*** Begin section ***

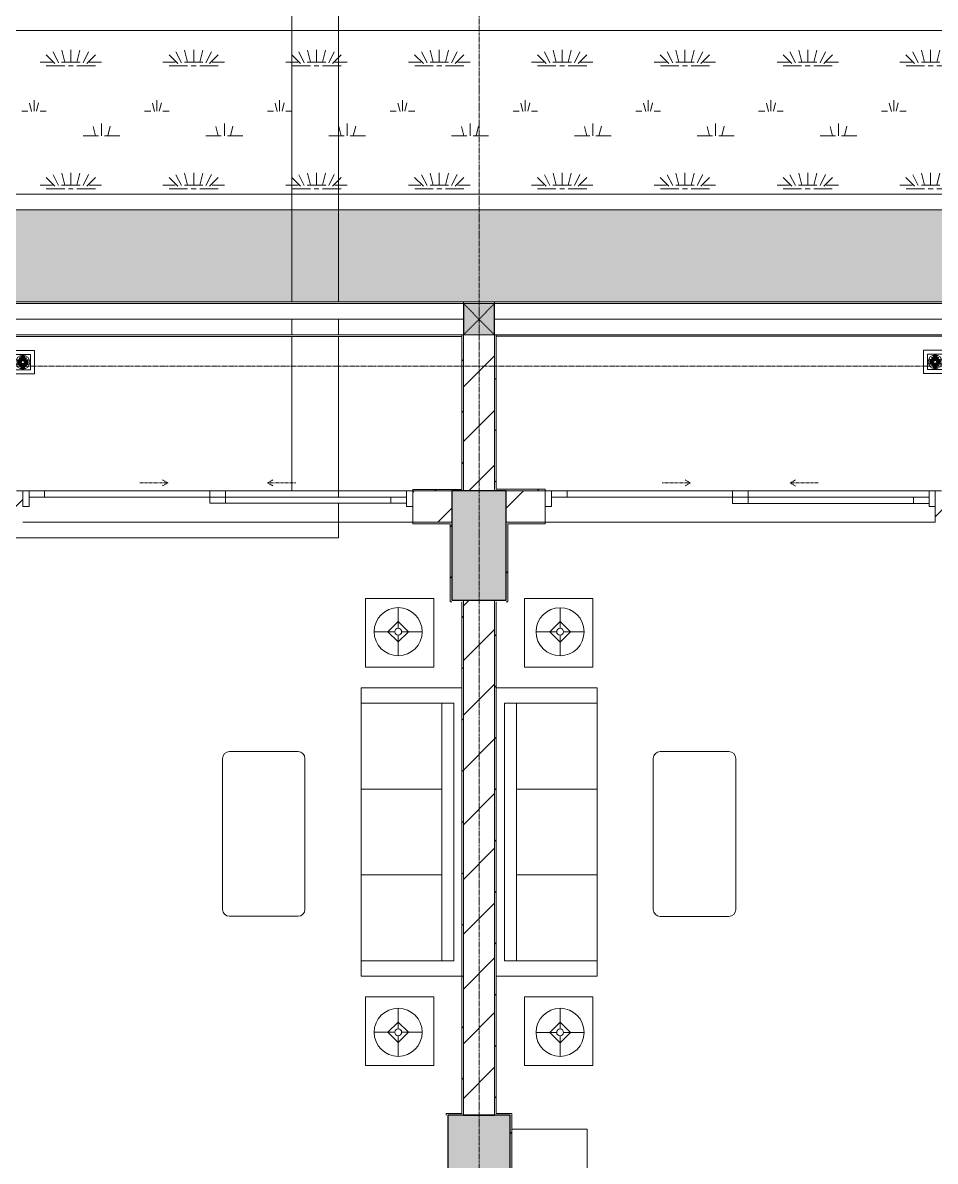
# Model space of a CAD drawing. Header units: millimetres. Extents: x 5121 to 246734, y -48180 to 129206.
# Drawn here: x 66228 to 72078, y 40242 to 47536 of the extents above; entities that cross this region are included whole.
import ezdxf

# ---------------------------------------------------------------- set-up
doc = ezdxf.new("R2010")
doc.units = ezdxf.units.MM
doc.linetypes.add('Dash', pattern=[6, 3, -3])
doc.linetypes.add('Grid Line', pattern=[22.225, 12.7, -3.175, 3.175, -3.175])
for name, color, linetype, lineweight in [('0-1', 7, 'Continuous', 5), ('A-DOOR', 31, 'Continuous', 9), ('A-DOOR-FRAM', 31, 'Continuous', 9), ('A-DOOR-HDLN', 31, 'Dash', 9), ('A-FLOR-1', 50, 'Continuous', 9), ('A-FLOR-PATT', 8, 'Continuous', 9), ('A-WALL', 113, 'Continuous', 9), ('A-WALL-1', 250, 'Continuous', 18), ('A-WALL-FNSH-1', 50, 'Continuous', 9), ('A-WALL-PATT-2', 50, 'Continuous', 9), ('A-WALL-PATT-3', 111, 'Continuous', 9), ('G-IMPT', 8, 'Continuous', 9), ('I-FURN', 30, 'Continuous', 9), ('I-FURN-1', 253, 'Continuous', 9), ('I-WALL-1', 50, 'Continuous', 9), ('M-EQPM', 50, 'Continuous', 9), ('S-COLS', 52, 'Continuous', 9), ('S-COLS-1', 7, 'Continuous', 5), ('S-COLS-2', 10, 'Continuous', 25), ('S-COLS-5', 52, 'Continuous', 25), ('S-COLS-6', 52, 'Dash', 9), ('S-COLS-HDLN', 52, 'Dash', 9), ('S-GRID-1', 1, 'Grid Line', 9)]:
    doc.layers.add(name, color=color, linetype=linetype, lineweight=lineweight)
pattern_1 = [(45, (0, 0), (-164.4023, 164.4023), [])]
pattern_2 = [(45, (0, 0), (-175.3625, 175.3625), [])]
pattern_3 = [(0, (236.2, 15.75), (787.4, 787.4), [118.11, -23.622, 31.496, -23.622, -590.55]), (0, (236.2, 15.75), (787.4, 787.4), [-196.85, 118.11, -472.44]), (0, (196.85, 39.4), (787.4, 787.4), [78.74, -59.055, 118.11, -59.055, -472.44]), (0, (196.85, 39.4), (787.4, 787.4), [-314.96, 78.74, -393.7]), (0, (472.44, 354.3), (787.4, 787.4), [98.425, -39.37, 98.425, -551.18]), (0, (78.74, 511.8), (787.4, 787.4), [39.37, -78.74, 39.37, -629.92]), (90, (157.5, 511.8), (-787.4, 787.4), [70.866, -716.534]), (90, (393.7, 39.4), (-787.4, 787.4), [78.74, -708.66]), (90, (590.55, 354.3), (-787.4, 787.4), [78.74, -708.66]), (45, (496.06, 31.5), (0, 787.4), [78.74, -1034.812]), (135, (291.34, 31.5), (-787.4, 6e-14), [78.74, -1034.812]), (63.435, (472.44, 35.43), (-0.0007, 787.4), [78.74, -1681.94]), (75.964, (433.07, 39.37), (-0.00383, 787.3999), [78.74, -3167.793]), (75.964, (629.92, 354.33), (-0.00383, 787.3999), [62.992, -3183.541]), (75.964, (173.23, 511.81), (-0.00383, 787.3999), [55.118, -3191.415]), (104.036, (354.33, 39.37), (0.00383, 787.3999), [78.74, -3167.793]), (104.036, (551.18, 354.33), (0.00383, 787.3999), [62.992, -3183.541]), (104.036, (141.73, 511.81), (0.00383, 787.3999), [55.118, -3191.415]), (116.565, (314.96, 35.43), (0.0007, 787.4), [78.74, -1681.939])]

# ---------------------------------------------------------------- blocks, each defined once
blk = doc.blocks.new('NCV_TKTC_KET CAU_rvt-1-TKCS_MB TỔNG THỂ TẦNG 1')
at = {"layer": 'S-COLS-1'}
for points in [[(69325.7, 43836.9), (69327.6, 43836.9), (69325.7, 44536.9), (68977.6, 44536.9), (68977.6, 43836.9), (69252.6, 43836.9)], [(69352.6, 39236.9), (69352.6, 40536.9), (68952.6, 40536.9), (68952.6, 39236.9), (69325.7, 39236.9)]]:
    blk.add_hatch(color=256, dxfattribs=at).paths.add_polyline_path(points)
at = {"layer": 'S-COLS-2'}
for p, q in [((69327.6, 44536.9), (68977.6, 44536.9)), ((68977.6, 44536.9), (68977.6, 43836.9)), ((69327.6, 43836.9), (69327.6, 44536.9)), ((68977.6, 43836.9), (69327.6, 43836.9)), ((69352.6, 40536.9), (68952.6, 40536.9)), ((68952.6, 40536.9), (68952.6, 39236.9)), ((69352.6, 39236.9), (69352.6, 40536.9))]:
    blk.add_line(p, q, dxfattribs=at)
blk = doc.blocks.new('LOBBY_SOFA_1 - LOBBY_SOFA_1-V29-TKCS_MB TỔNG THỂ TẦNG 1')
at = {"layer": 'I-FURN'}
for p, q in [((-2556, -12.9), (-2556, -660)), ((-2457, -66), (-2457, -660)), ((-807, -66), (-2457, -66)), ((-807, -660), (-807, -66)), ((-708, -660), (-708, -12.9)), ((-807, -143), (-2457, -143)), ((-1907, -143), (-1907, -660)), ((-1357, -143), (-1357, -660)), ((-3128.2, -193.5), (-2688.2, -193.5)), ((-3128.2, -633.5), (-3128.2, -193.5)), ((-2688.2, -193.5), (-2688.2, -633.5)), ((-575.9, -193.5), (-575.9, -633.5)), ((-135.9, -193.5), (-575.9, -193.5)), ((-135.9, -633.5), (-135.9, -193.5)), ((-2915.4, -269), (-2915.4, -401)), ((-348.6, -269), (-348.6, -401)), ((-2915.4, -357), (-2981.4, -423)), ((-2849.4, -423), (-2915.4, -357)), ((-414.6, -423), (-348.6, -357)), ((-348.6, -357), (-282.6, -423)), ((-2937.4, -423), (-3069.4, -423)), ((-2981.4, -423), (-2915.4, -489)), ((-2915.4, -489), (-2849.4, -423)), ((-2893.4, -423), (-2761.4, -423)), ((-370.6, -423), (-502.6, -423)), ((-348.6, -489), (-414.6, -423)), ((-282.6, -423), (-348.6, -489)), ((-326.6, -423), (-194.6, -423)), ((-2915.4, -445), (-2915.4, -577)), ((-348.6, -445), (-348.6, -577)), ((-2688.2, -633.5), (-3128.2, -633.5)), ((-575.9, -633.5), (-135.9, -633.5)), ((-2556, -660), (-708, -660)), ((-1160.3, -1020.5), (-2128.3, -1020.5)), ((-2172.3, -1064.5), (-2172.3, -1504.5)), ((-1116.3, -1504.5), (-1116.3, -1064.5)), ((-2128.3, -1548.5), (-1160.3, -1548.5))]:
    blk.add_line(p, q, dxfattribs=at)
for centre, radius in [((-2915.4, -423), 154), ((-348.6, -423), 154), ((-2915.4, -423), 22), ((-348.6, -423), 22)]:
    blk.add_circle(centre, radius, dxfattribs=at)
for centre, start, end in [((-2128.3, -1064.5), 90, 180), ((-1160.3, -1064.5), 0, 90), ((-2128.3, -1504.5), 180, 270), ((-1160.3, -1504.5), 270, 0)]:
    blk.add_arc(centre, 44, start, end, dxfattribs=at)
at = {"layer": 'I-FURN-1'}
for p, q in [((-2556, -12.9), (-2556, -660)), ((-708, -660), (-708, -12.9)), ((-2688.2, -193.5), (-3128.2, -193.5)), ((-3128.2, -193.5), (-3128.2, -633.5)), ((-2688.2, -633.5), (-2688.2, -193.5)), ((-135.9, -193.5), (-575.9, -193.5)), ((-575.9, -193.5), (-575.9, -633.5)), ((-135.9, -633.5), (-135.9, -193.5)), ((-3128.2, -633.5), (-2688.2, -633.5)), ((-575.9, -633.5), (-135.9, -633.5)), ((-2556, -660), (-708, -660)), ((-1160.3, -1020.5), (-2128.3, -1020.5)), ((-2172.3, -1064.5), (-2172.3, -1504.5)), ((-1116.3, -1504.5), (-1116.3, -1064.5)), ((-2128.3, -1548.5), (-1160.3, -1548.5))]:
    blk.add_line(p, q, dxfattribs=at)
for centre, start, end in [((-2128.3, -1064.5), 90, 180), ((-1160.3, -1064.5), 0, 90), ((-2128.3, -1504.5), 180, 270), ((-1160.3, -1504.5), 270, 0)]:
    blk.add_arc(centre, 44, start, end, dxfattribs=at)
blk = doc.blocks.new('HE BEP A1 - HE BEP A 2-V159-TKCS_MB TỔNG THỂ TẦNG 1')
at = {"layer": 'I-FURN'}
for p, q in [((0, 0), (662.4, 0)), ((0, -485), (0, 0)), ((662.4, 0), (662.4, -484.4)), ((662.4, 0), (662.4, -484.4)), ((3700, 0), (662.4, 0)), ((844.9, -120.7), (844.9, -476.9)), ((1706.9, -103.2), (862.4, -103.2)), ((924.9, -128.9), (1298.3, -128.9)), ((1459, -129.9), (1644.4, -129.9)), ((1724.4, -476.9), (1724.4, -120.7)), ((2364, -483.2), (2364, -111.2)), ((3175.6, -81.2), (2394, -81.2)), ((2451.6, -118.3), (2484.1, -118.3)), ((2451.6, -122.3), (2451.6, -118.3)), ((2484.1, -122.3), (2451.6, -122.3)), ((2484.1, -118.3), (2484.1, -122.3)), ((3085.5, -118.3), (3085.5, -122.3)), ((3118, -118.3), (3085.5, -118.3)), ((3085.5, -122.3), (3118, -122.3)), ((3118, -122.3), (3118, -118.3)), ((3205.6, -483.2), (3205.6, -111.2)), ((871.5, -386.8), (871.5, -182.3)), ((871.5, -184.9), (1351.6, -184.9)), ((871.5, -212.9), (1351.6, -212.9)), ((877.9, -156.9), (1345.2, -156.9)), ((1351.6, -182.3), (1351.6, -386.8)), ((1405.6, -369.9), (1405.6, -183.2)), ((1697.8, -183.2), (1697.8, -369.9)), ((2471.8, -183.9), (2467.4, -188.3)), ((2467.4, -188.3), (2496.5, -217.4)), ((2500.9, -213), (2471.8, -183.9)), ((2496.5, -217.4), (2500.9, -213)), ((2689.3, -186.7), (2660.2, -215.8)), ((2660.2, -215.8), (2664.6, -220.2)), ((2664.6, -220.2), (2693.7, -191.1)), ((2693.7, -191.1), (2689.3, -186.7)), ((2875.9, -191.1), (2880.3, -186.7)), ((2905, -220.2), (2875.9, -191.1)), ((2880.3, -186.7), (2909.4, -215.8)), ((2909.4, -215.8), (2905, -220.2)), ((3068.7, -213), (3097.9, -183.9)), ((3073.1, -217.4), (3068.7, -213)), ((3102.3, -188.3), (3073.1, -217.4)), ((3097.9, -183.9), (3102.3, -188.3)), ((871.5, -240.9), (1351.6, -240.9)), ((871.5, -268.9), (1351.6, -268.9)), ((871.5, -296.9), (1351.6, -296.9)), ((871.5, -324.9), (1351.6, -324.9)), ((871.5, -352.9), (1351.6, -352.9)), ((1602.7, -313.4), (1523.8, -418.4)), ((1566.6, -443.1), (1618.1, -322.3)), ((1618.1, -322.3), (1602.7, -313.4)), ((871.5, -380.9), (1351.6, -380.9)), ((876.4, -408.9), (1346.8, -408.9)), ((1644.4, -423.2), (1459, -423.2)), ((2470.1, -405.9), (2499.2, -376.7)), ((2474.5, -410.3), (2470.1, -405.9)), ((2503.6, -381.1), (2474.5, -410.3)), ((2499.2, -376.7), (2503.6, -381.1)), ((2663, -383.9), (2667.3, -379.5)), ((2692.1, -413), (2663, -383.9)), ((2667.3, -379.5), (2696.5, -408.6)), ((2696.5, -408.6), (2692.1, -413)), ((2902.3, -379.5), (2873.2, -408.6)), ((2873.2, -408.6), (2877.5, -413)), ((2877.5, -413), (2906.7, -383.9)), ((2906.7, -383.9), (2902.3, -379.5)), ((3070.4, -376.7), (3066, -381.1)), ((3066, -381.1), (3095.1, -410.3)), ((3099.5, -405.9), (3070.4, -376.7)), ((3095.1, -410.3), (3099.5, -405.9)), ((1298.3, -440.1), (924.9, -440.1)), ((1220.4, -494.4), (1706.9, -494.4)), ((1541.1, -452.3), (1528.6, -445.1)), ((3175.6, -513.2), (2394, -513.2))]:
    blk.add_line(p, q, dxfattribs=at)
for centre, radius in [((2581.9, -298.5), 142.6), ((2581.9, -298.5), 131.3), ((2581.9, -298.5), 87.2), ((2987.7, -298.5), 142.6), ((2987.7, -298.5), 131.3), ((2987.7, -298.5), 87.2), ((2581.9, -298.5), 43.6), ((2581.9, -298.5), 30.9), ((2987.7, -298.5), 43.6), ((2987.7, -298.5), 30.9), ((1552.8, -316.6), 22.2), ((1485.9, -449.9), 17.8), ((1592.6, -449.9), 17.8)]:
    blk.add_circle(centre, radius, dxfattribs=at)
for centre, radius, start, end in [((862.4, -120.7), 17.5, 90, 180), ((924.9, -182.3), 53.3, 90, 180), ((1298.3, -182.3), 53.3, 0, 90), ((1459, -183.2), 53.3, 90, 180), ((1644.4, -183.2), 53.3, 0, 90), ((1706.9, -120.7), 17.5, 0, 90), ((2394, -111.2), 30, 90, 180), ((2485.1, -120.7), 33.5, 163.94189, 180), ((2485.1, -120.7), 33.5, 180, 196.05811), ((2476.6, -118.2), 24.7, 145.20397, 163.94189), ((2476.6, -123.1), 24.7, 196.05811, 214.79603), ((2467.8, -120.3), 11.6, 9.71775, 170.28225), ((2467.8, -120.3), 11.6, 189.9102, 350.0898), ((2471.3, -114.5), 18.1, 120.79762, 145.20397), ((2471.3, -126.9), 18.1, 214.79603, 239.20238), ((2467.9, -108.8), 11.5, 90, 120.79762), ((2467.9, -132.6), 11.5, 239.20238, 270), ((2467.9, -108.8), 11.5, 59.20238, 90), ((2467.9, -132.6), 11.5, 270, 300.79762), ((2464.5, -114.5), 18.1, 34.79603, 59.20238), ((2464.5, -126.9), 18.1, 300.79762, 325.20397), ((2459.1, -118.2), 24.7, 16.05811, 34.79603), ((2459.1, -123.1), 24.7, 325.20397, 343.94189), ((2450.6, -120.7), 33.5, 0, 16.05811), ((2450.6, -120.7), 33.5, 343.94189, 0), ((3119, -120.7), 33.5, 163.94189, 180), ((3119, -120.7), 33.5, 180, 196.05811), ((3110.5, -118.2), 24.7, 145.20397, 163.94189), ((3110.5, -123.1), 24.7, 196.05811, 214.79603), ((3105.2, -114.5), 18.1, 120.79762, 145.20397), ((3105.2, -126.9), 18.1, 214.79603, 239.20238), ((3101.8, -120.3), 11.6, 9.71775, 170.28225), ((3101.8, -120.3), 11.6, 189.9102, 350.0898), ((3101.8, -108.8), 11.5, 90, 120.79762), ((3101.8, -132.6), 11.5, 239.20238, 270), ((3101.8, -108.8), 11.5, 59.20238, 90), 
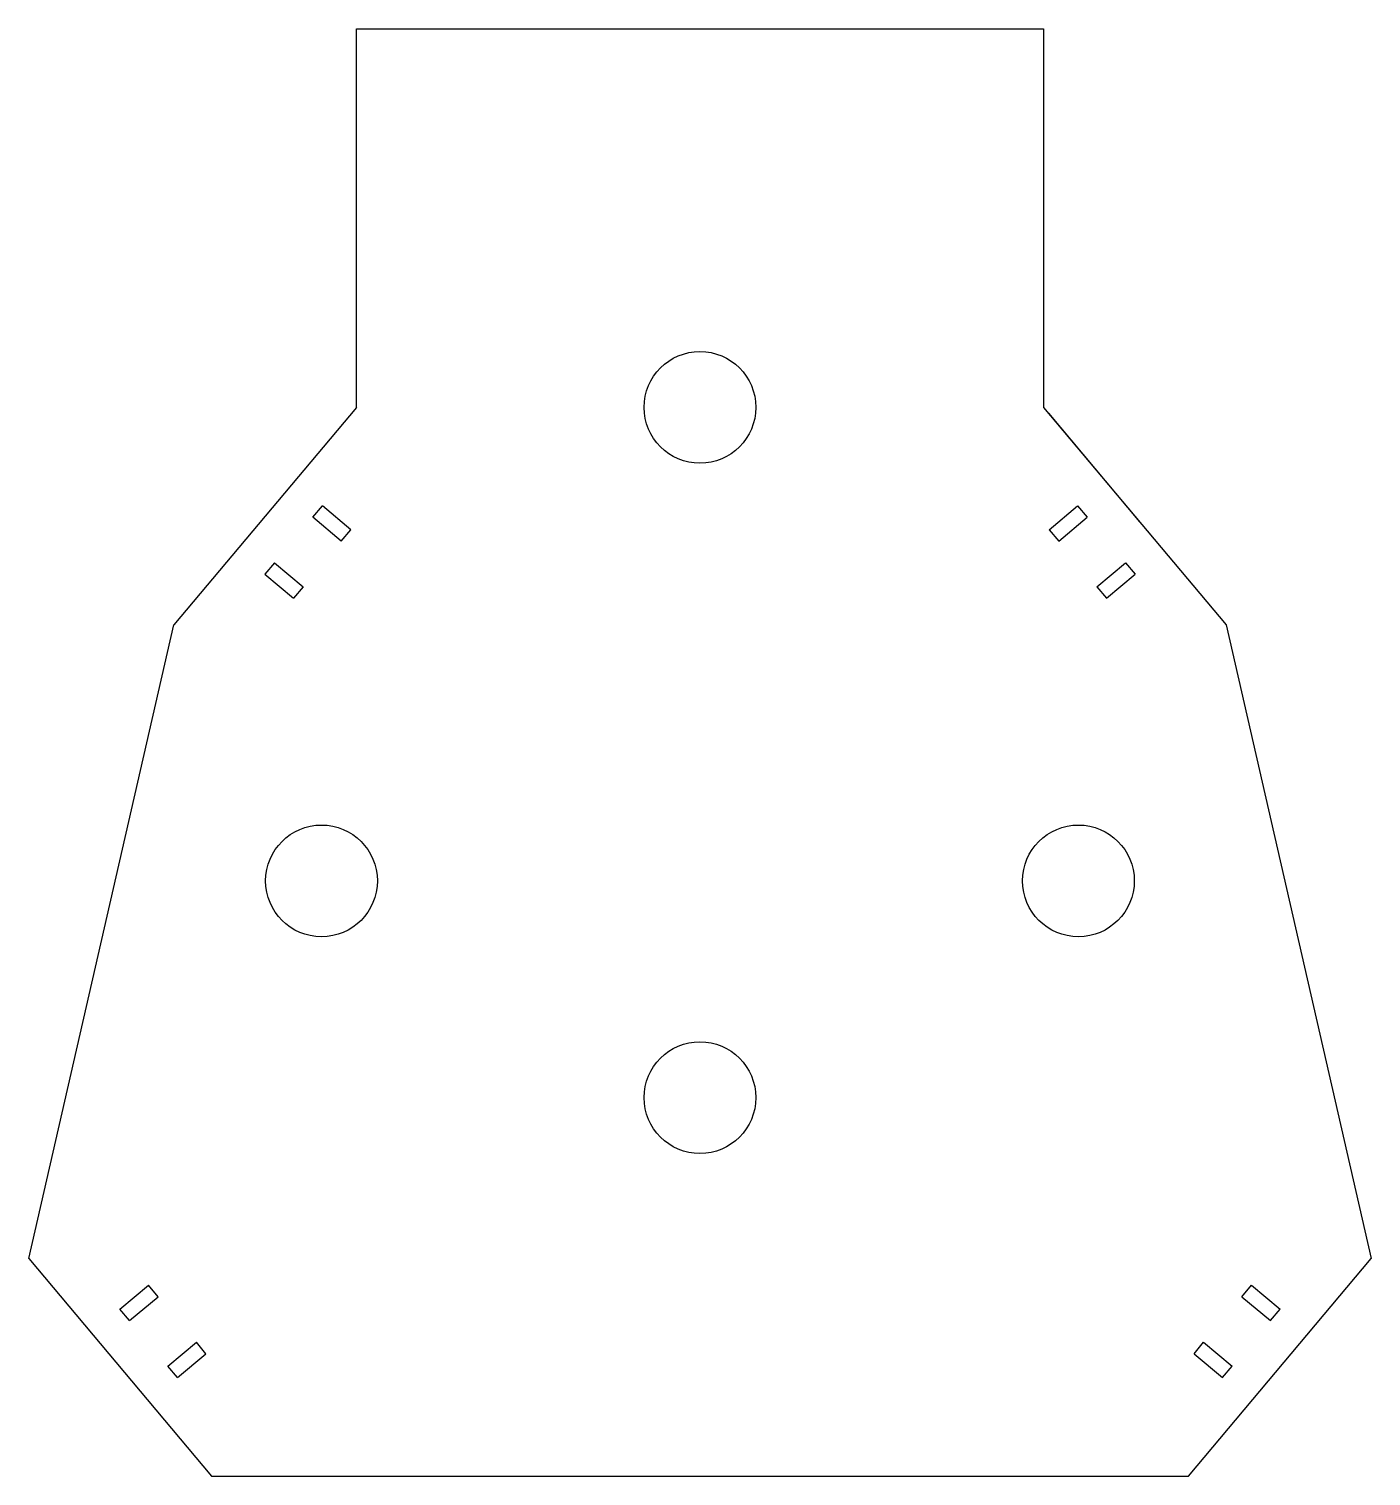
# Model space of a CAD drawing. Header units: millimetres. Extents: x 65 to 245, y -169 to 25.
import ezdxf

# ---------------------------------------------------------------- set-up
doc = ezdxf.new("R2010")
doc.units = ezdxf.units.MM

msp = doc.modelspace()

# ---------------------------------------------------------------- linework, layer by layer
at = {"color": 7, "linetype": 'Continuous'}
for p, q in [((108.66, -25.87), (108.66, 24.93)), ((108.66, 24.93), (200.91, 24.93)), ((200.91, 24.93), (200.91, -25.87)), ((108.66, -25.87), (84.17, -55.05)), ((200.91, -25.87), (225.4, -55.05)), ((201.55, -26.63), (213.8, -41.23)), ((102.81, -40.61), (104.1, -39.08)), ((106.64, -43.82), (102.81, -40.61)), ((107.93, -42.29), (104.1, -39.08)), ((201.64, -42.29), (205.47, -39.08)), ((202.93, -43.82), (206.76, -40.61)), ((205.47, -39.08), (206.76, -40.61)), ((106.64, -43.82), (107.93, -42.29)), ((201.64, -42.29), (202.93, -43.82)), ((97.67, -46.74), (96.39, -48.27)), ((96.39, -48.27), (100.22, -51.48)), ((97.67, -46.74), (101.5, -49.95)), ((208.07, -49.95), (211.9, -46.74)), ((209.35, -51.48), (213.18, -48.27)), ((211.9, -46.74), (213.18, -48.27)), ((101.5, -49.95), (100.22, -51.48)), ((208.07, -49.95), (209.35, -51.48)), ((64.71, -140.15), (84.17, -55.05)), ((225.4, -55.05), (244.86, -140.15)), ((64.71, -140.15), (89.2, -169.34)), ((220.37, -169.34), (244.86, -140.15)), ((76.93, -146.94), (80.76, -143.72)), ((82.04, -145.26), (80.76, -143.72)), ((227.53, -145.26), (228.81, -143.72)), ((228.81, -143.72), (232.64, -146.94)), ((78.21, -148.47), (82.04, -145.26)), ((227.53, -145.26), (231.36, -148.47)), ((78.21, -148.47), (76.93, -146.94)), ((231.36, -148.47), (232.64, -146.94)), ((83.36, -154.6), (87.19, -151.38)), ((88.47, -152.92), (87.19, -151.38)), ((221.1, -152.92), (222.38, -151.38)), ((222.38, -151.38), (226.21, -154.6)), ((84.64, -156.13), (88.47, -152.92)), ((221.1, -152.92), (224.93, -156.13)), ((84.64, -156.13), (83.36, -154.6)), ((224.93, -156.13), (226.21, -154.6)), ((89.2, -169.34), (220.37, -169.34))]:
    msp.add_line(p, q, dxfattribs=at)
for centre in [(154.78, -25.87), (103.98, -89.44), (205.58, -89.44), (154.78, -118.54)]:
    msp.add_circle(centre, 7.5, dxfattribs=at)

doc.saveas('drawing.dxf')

*** End section ***

[Prompt] Find "Header" in the data above. Report each line where it appears.

[Output for this exercise]
# Model space of a CAD drawing. Header units: millimetres. Extents: x 5121 to 246734, y -48180 to 129206.
# Model space of a CAD drawing. Header units: millimetres. Extents: x 65 to 245, y -169 to 25.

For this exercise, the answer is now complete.